Like any athlete, Doug found a certain measure of salvation through physical rehabilitation. Six months of inactivity had sent his weight ballooning to 210 pounds, up from 185 on his 6-foot-1 frame. The surgeons' knives had turned his taut abdomen to dough. Lack of exercise had atrophied his explosive muscles. He began with stomach exercises and stretching sessions. Sunrise would find him swimming laps at the pool. He ran through parks, doing push-ups on the grass and pull-ups on whatever would hold him. As he regained strength, he progressed to weights.
But this type of exercise was all stuff he had done before. He decided to rebuild himself from the inside out. Losing everything gave Doug a humility that was once beyond the comprehension of a cocky, top-level athlete. He realized there had to be other forces at work to explain his talent as well as his troubles. So every night he would come home, lock the doors to his house, and look inside himself. Ever the experimenter, he sampled philosophies of Eastern thought, meditation, the teachings of spiritual types from Ram Das to Jesus to Buddha, a substance or two. He listened to a lot of music, letting the sounds take his mind above and beyond.
"Just knocking it open, moving the walls back," Doug describes these solitary sessions. "And it kept getting bigger. As you know yourself more, you become more realized as to who you are: a perfect child of God. You realize that there are two forces governing everything: love and fear. You're either moving toward love or running from fear."

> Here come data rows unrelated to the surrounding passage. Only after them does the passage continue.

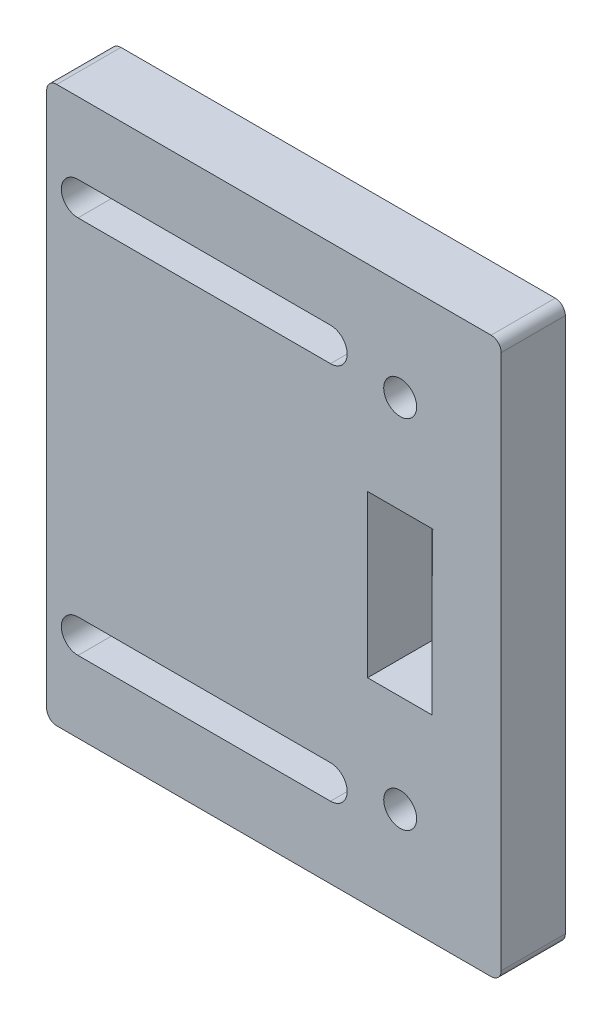
from build123d import *

# Parameters (mm, degrees)
SKETCH1_W                                        = 90
SKETCH1_H                                        = 110
BOSS_EXTRUDE2_DEPTH                              = 12.7
CSK_FOR_1_4_FLAT_HEAD_MACHINE_SCREW3_D           = 6.5278
CSK_FOR_1_4_FLAT_HEAD_MACHINE_SCREW3_CSINK_D     = 12.8778
CSK_FOR_1_4_FLAT_HEAD_MACHINE_SCREW3_CSINK_ANGLE = 82
CSK_FOR_1_4_FLAT_HEAD_MACHINE_SCREW4_D           = 6.5278
CSK_FOR_1_4_FLAT_HEAD_MACHINE_SCREW4_CSINK_D     = 12.8778
CSK_FOR_1_4_FLAT_HEAD_MACHINE_SCREW4_CSINK_ANGLE = 82
FILLET1_R                                        = 2
CUT_EXTRUDE1_DEPTH                               = 143.692992119


with BuildPart() as part:
    # Sketch1 → Boss-Extrude2 (new body)
    with BuildSketch(Plane.XY):
        with Locations((45, -55)):
            Rectangle(SKETCH1_W, SKETCH1_H)
        Polygon((70, -39.025625978), (76.45, -39.025625978), (76.25, -55), (76.25, -70.975625978), (70, -70.975625978), (63.55, -70.975625978), (63.55, -39.025625978), align=None, mode=Mode.SUBTRACT)
    extrude(amount=BOSS_EXTRUDE2_DEPTH)

    # CSK for 1/4 Flat Head Machine Screw3 (through all)
    with Locations(Plane(origin=(0, 0, 0), x_dir=(-1, 0, 0), z_dir=(0, 0, -1))):
        with Locations((-70, -90.31)):
            CounterSinkHole(CSK_FOR_1_4_FLAT_HEAD_MACHINE_SCREW3_D / 2, CSK_FOR_1_4_FLAT_HEAD_MACHINE_SCREW3_CSINK_D / 2, counter_sink_angle=CSK_FOR_1_4_FLAT_HEAD_MACHINE_SCREW3_CSINK_ANGLE)

    # CSK for 1/4 Flat Head Machine Screw4 (through all)
    with Locations(Plane(origin=(0, 0, 0), x_dir=(-1, 0, 0), z_dir=(0, 0, -1))):
        with Locations((-70, -19.69)):
            CounterSinkHole(CSK_FOR_1_4_FLAT_HEAD_MACHINE_SCREW4_D / 2, CSK_FOR_1_4_FLAT_HEAD_MACHINE_SCREW4_CSINK_D / 2, counter_sink_angle=CSK_FOR_1_4_FLAT_HEAD_MACHINE_SCREW4_CSINK_ANGLE)

    # Fillet1
    fillet1_edges = [part.edges().sort_by_distance(p)[0] for p in [
        (0, 0, 6.35),
        (90, 0, 6.35),
        (90, -110, 6.35),
        (0, -110, 6.35),
    ]]
    fillet(fillet1_edges, radius=FILLET1_R)

    # Sketch15 → Cut-Extrude1 (cut, through all)
    with BuildSketch(Plane(origin=(0, 0, 0), x_dir=(-1, 0, 0), z_dir=(0, 0, -1))):
        with BuildLine():
            Line((-56.200253658, -14.185), (-6.200253658, -14.185))
            ThreePointArc((-6.200253658, -14.185), (-2.900253658, -17.485), (-6.200253658, -20.785))
            Line((-6.200253658, -20.785), (-56.200253658, -20.785))
            ThreePointArc((-56.200253658, -20.785), (-59.500253658, -17.485), (-56.200253658, -14.185))
        make_face()
        with BuildLine():
            Line((-56.200253658, -89.215), (-6.200253658, -89.215))
            ThreePointArc((-6.200253658, -89.215), (-2.900253658, -92.515), (-6.200253658, -95.815))
            Line((-6.200253658, -95.815), (-56.200253658, -95.815))
            ThreePointArc((-56.200253658, -95.815), (-59.500253658, -92.515), (-56.200253658, -89.215))
        make_face()
    extrude(amount=-CUT_EXTRUDE1_DEPTH, mode=Mode.SUBTRACT)


solid = part.part

Doug didn't mention it to anyone, but he set a date for his return to the court for mid-1996. As the day neared, his weightlifting became more intense. The lower back is the locus of power for a racquetball player's vicious swing, and Doug didn't want to take one good swipe and end up back in the hospital. He made a few tentative trips to the court by himself, hitting for a few minutes and then retreating. Finally, two and half years after his surgery, Doug asked his friend Kachtik to hit with him.
"It was like a veil was lifted," Doug remembers. "[The accident] was the greatest thing that ever happened to me. I didn't realize the gifts I had. Everything is a gift; you have to recognize you have it. My natural athletic ability, my family and the support I had there, my friendships. My eye-hand coordination, I always thought I had it just because I do. There was never any thought to give thanks, of any gratefulness.
"My timing was off, my cardio was off, but I felt awesome. It was huge. It was my life. I was back."
Doug's renovation continued apace, inside and out. A year after his return to the court, he won the Texas state championship in the open division. A lot of players compete both in the open and pro divisions, and Doug was beating guys at the pro level. He started playing the pro tour and picked up a few sponsors, including a multi-year deal with the equipment manufacturer Head that provided a nice stipend and as much free gear as he asked for -- racquets, shoes, clothing, luggage, whatever. Free of financial pressure, he ascended the U.S. rankings, reaching as high as number 11.